The link partner is not capable of running 
at 1000 Mbps. 
Could not establish link. The cable may 
be disconnected or have a bad connection. 
For more information, run the Cable test 
if supported by the adapter 

---

When I ran Diagonstics on Cable, I get:

No cable problems detected.

Test details

Polarity : Normal


Cable Offline Test

Poor quality cable detected
Possible causes: Faulty cable or connector.

Test details

Cable Quality
(like 1/8 from the left on the "Poor-Good" bar... :sigh:


The test detected a bad connection.
Distance to problem: 6 meters. 

---

When I ran Link on Cable, I get:

EEPROM Test : Passed
FIFO Test : Passed
Register Test : Passed
Interrupt Test : Passed
Loopback Test(s) : Passed


Any solutions?
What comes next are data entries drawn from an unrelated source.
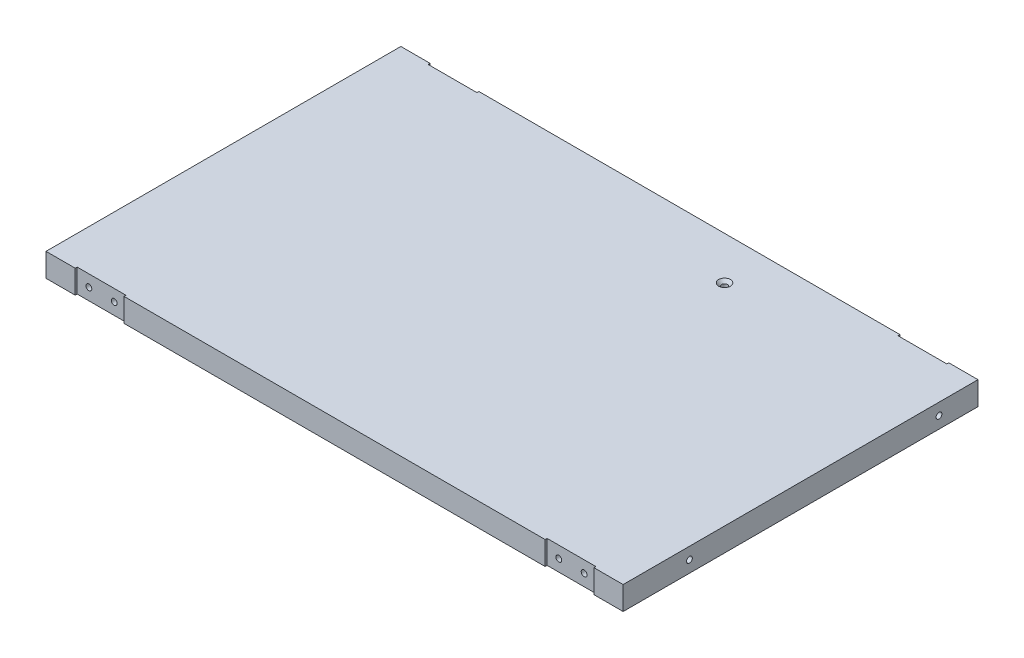
SolidWorks part; units mm, degrees
ref_plane "Front Plane" through (0, 0, 0) normal (0, 0, 1) x (1, 0, 0)
ref_plane "Top Plane" through (0, 0, 0) normal (0, 1, 0) x (1, 0, 0)
ref_plane "Right Plane" through (0, 0, 0) normal (1, 0, 0) x (0, 0, -1)
sketch "Sketch1" plane through (0, 0, 0) normal (0, 1, 0) x (1, 0, 0)
  line L1 (0, 0) -> (296, 0)
  line L2 (0, 0) -> (0, 182)
  line L3 (0, 182) -> (296, 182)
  line L4 (296, 0) -> (296, 182)
  circle A4 centre (188, 160) radius 1.5
  dimension "D12" = 3
  dimension "D1" = 296
  dimension "D2" = 182
  dimension "D13" = 22
  dimension "D14" = 188
extrude "Boss-Extrude1" add sketch "Sketch1" along normal blind 12
sketch "Sketch2" plane through (0, 0, 0) normal (1, 0, 0) x (0, 0, -1)
  line L0 (0, 6) -> (182, 6) construction
  line L1 (0, 12) -> (0, 0) construction
  line L2 (182, 12) -> (182, 0) construction
  circle A0 centre (162, 6) radius 1.5
  circle A1 centre (34, 6) radius 1.5
  dimension "D1" = 3
  dimension "D2" = 3
  dimension "D3" = 20
  dimension "D4" = 148
extrude "Cut-Extrude1" cut sketch "Sketch2" along normal blind 20 from surface starting at face at (0, 6, -91)
extrude "Cut-Extrude2" cut sketch "Sketch2<2>" against normal blind 20 from surface starting at face at (296, 6, -91)
sketch "Sketch2<2>" plane through (0, 0, 0) normal (1, 0, 0) x (0, 0, -1) same geometry as "Sketch2"
sketch "Sketch4" plane through (0, 0, 0) normal (0, 1, 0) x (1, 0, 0)
  circle A0 centre (188, 160) radius 3
  dimension "D1" = 6
extrude "Cut-Extrude3" cut sketch "Sketch4" against normal blind 3 draft 45 from surface starting at face at (148, 12, -91)
sketch "Sketch5" plane through (0, 0, 0) normal (0, 0, 1) x (1, 0, 0)
  line L0 (0, 6) -> (296, 6) construction
  line L1 (0, 12) -> (0, 0) construction
  line L2 (296, 12) -> (296, 0) construction
  circle A0 centre (21, 6) radius 1.5
  circle A1 centre (34, 6) radius 1.5
  circle A2 centre (275, 6) radius 1.5
  circle A3 centre (262, 6) radius 1.5
  dimension "D2" = 3
  dimension "D3" = 3
  dimension "D6" = 3
  dimension "D7" = 3
  dimension "D4" = 21
  dimension "D5" = 13
  dimension "D8" = 21
  dimension "D9" = 13
extrude "Cut-Extrude4" cut sketch "Sketch5" along normal blind 10 from surface starting at face at (148, 6, -182)
extrude "Cut-Extrude5" cut sketch "Sketch5<3>" against normal blind 10
sketch "Sketch5<3>" plane through (0, 0, 0) normal (0, 0, 1) x (1, 0, 0) same geometry as "Sketch5"
sketch "Sketch7" plane through (0, 0, 0) normal (0, 0, 1) x (1, 0, 0)
  line L0 (0, 12) -> (296, 12) construction
  line L1 (15, 12) -> (40, 12)
  line L2 (15, 12) -> (15, 0)
  line L3 (15, 0) -> (40, 0)
  line L4 (40, 12) -> (40, 0)
  line L5 (0, 0) -> (296, 0) construction
  line L7 (281, 12) -> (256, 12)
  line L8 (281, 12) -> (281, 0)
  line L9 (281, 0) -> (256, 0)
  line L10 (256, 12) -> (256, 0)
  dimension "D5" = 15
  dimension "D1" = 25
  dimension "D2" = 12
  dimension "D3" = 25
  dimension "D4" = 12
  dimension "D6" = 15
extrude "Cut-Extrude6" cut sketch "Sketch7" against normal blind 1
extrude "Cut-Extrude7" cut sketch "Sketch7<2>" along normal blind 1 from surface starting at face at (35.5, 6, -182)
sketch "Sketch7<2>" plane through (0, 0, 0) normal (0, 0, 1) x (1, 0, 0) same geometry as "Sketch7"

How can I reinstate the WINS server, and fix the other link and cable diagnostics problems?


----------



## COice (Jun 26, 2008)

furthermore, there are some Battle.net servers that do not recognize an internet connection at all, such as The U.S. West connection (where I live)...


----------



## COice (Jun 26, 2008)

Oh, and I've tried multiple cables and multiple direct-link ports on my router.


----------



## COice (Jun 26, 2008)

My router is the NetGear WGR614 and I have Charter Cable.


----------



## Cellus (Aug 31, 2006)

Where did you run the diagnostics from?

It is more than likely this is not something to do with not having WINS running. WINS, in a nutshell, is mainly used for local networks and not with remote connections such as Battle.net .

There may be an issue with port forwarding, so to rule this out let's make sure port forwarding is properly set up. Follow these directions from portforward.com to set up port forwarding.


----------



## lazareth1 (Jan 10, 2005)

If you get connected and then after a while it disconnects wirelessly, then go to the manufacturers website of who made the router and get the latest firmware for your router and update it.


----------



## COice (Jun 26, 2008)

Should i be having the FTP and HTTP forwarded?


----------



## COice (Jun 26, 2008)

And I don't have a wireless link. It is a direct-link; I'm using a cord connected to the router.


----------



## lazareth1 (Jan 10, 2005)

K even if it is wired, then get the firmware update. You shouldn't have to do any forwarding in your case, because if the ports WERE blocked, then you wouldn't be able to connect to battle.net. Period.


----------



## COice (Jun 26, 2008)

Cellus said:


> Where did you run the diagnostics from?
> 
> It is more than likely this is not something to do with not having WINS running. WINS, in a nutshell, is mainly used for local networks and not with remote connections such as Battle.net .
> 
> There may be an issue with port forwarding, so to rule this out let's make sure port forwarding is properly set up. Follow these directions from portforward.com to set up port forwarding.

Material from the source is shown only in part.